Pride Month: Asserting the rights of LGBTQ+ | Inquirer Opinion

Pride Month: Asserting the rights of LGBTQ+

/ 05:02 AM June 30, 2022

There is pride in resisting and fighting back against oppressive, exploitative, and abusive authorities. The Stonewall uprising in 1969 exposed poverty and inequality as we later learned that homeless youth and poor queer folk took refuge at Stonewall Inn in New York. Police treated gays like criminals. They would make their rounds and harass and arrest them.

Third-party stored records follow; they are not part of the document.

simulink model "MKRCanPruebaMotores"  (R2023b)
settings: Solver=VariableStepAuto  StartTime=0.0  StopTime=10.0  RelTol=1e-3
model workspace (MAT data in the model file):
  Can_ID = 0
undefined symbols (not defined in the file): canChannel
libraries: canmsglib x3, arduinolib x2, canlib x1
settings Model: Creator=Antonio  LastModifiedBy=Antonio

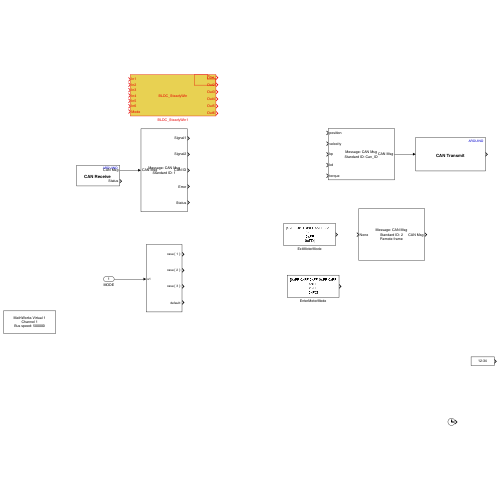
[thumbnail: Simulink's stored preview of the top-level diagram]
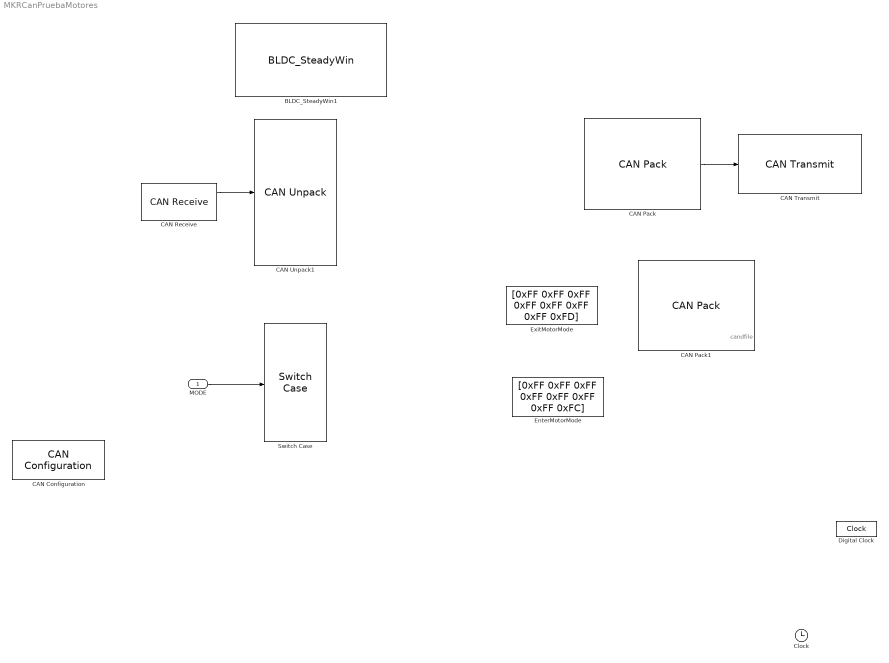
== system MKRCanPruebaMotores ==
  note: candfile
  MODE : Inport
  BLDC_SteadyWin1 : S-Function  InitFcn=try, set_param(gcb,'FunctionName','BLDC_SteadyWin'), end  FunctionName=BLDC_SteadyWin  SFunctionModules=BLDC_SteadyWinPack_wrapper.cpp  SFunctionDeploymentMode=off  EnableBusSupport=off  mask(S-Function Builder){}
      mask help: Simulink:masks:SFunctionBuilder_MD
      mask init:
      | val = [[.9  0.75 0.75 1 1 .9 .9 1]',[1 1 0.75 0.75 .9 .9 1 .9]'];try , sys = get_param(gcb,'SfunBuilderFcnName');if isempty(sys), sys = get_param(gcb,'FunctionName'); end,catch, sys = get_param(gcb,'FunctionName'); end
      settings: CopyFcn=set_param(gcbh,'LinkStatus','none')  PreSaveFcn=try, set_param(gcb,'FunctionName','BLDC_SteadyWin'), end  OpenFcn=sfunctionwizard(gcbh)
      mask Display:
      | plot(val(:,1),val(:,2))
      | disp(sys)
      | port_label('input',1,'In1')
      | port_label('input',2,'In2')
      | port_label('input',3,'In3')
      | port_label('input',4,'In4')
      | port_label('input',5,'In5')
      | port_label('input',6,'In6')
      | port_label('input',7,'Mode')
      | port_label('output',1,'Out1')
      | port_label('output',2,'Out2')
      | port_label('output',3,'Out3')
      | port_label('output',4,'Out4')
      | port_label('output',5,'Out5')
      | port_label('output',6,'Out6')
  CAN Configuration : canlib/CAN Configuration  BlockHandle=8729.0001  Device=MathWorks Virtual 1 (Channel 1)  DeviceMenu=MathWorks Virtual 1 (Channel 1)  ObjConstructor=canChannel('MathWorks', 'Virtual 1', 1)  BusSpeed=500000  EnableBitParameters=off  AckMode=Normal
  CAN Pack : canmsglib/CAN Pack  MsgList=(none)  MsgName=CAN Msg  MsgIDType=Standard (11-bit identifier)  MsgIdentifier=Can_ID  MsgLength=8  Remote=off  ApplyMinMax=off  BusOutput=off  SignalInfo={ 'position', '8', '16', 'BE', 'signed', 'Standard', '0', '1', '-95.5', '-95.5', '95.5'; 'velocity', '28', '12', 'BE', 'signed', 'Standard', '0', '1', '-45', '-45', '45'; 'kp', '32', '12', 'BE', 'unsigned', 'Standard', '0', '1', '0', '0', '500'; 'kd', '52', '12', 'BE', 'unsigned', 'Standard', '0', '1', '0', '0', '5'; 'torque', '56', '12', 'BE', 'signed', 'Standard', '0', '1', '-18', '-18', '18' }
      settings: LibrarySourceBlock=embeddedtargetslib/Host Communication/CAN Pack  DataFormat=manually specified signals
  CAN Pack1 : canmsglib/CAN Pack  MsgList=(none)  MsgName=CAN Msg  MsgIDType=Standard (11-bit identifier)  MsgIdentifier=2  MsgLength=8  Remote=on  ApplyMinMax=off  BusOutput=on  SignalInfo={ 'position', '8', '16', 'BE', 'signed', 'Standard', '0', '1', '-95.5', '-95.5', '95.5'; 'velocity', '28', '12', 'BE', 'signed', 'Standard', '0', '1', '-45', '-45', '45'; 'kp', '32', '12', 'BE', 'unsigned', 'Standard', '0', '1', '0', '0', '500'; 'kd', '52', '12', 'BE', 'unsigned', 'Standard', '0', '1', '0', '0', '5'; 'torque', '56', '12', 'BE', 'signed', 'Standard', '0', '1', '-18', '-18', '18' }
      settings: LibrarySourceBlock=embeddedtargetslib/Host Communication/CAN Pack  DataFormat=raw data
  CAN Receive : arduinolib/CAN Receive  outputDataType=CAN Msg  identifierType=Standard (11-bit identifier)  messageId=100  msgLength=8  SampleTime=0.1  outputError=off  outputRemote=off
  CAN Transmit : arduinolib/CAN Transmit  inputDataType=CAN Msg  BlockingMode_=on  BlockTimeout_=1  outputStatus=on  identifierType=Standard (11-bit identifier)  messageId=100  msgLength=8  remoteFrame=off
  CAN Unpack1 : canmsglib/CAN Unpack  MsgList=(none)  MsgName=CAN Msg  MsgIDType=Standard (11-bit identifier)  MsgIdentifier=1  MsgLength=8  SignalInfo={ 'Signal1', '0', '8', 'LE', 'signed', 'Standard', '0', '1', '0', '-Inf', 'Inf'; 'Signal2', '9', '8', 'LE', 'signed', 'Standard', '0', '1', '0', '-Inf', 'Inf' }  IDPort=on  TimestampPort=off  ErrorPort=on  RemotePort=off  LengthPort=off  StatusPort=on  ApplyMinMax=off
      settings: LibrarySourceBlock=embeddedtargetslib/Host Communication/CAN Unpack
  Clock : Clock
  Digital Clock : DigitalClock
  EnterMotorMode : Constant  Value=|  OutDataTypeStr=uint8
      | [0xFF 0xFF 0xFF 0xFF 0xFF
      | 0xFF
      | 0xFF
      | 0xFC]
  ExitMotorMode : Constant  Value=|  OutDataTypeStr=uint8
      | [0xFF 0xFF 0xFF 0xFF 0xFF
      | 0xFF
      | 0xFF
      | 0xFD]
  Switch Case : SwitchCase  CaseConditions={1 2 3}
  wires:
  CAN Receive/1 -> CAN Unpack1/1
  MODE/1 -> Switch Case/1
  CAN Pack/1 -> CAN Transmit/1

This prompted the LGBTQ+ to fight back, which sparked the gay liberation movement. The Pride march is about asserting the rights of the ostracized, marginalized, and homeless LGBTQ+ who resist exploitation and discrimination and are fighting back against a system and structure that breeds economic, political, and cultural discrimination.

Religious teachings and polity must reflect the fundamentals of just relationships and treatment toward our neighbors. While religion is a private choice and public articulation of belief and spirituality, specific religious traditions and beliefs should not be imposed as a public policy, especially if it is destructive and prejudicial. Religion has a role in society like value formation. Religion’s fundamental influence and effectiveness is in how it shapes and acknowledges relationships—with the community, with nature, and with a Supreme Being. It must not surprise the human community if religion teaches the timeless and boundless practice of love, justice, hospitality, and solidarity.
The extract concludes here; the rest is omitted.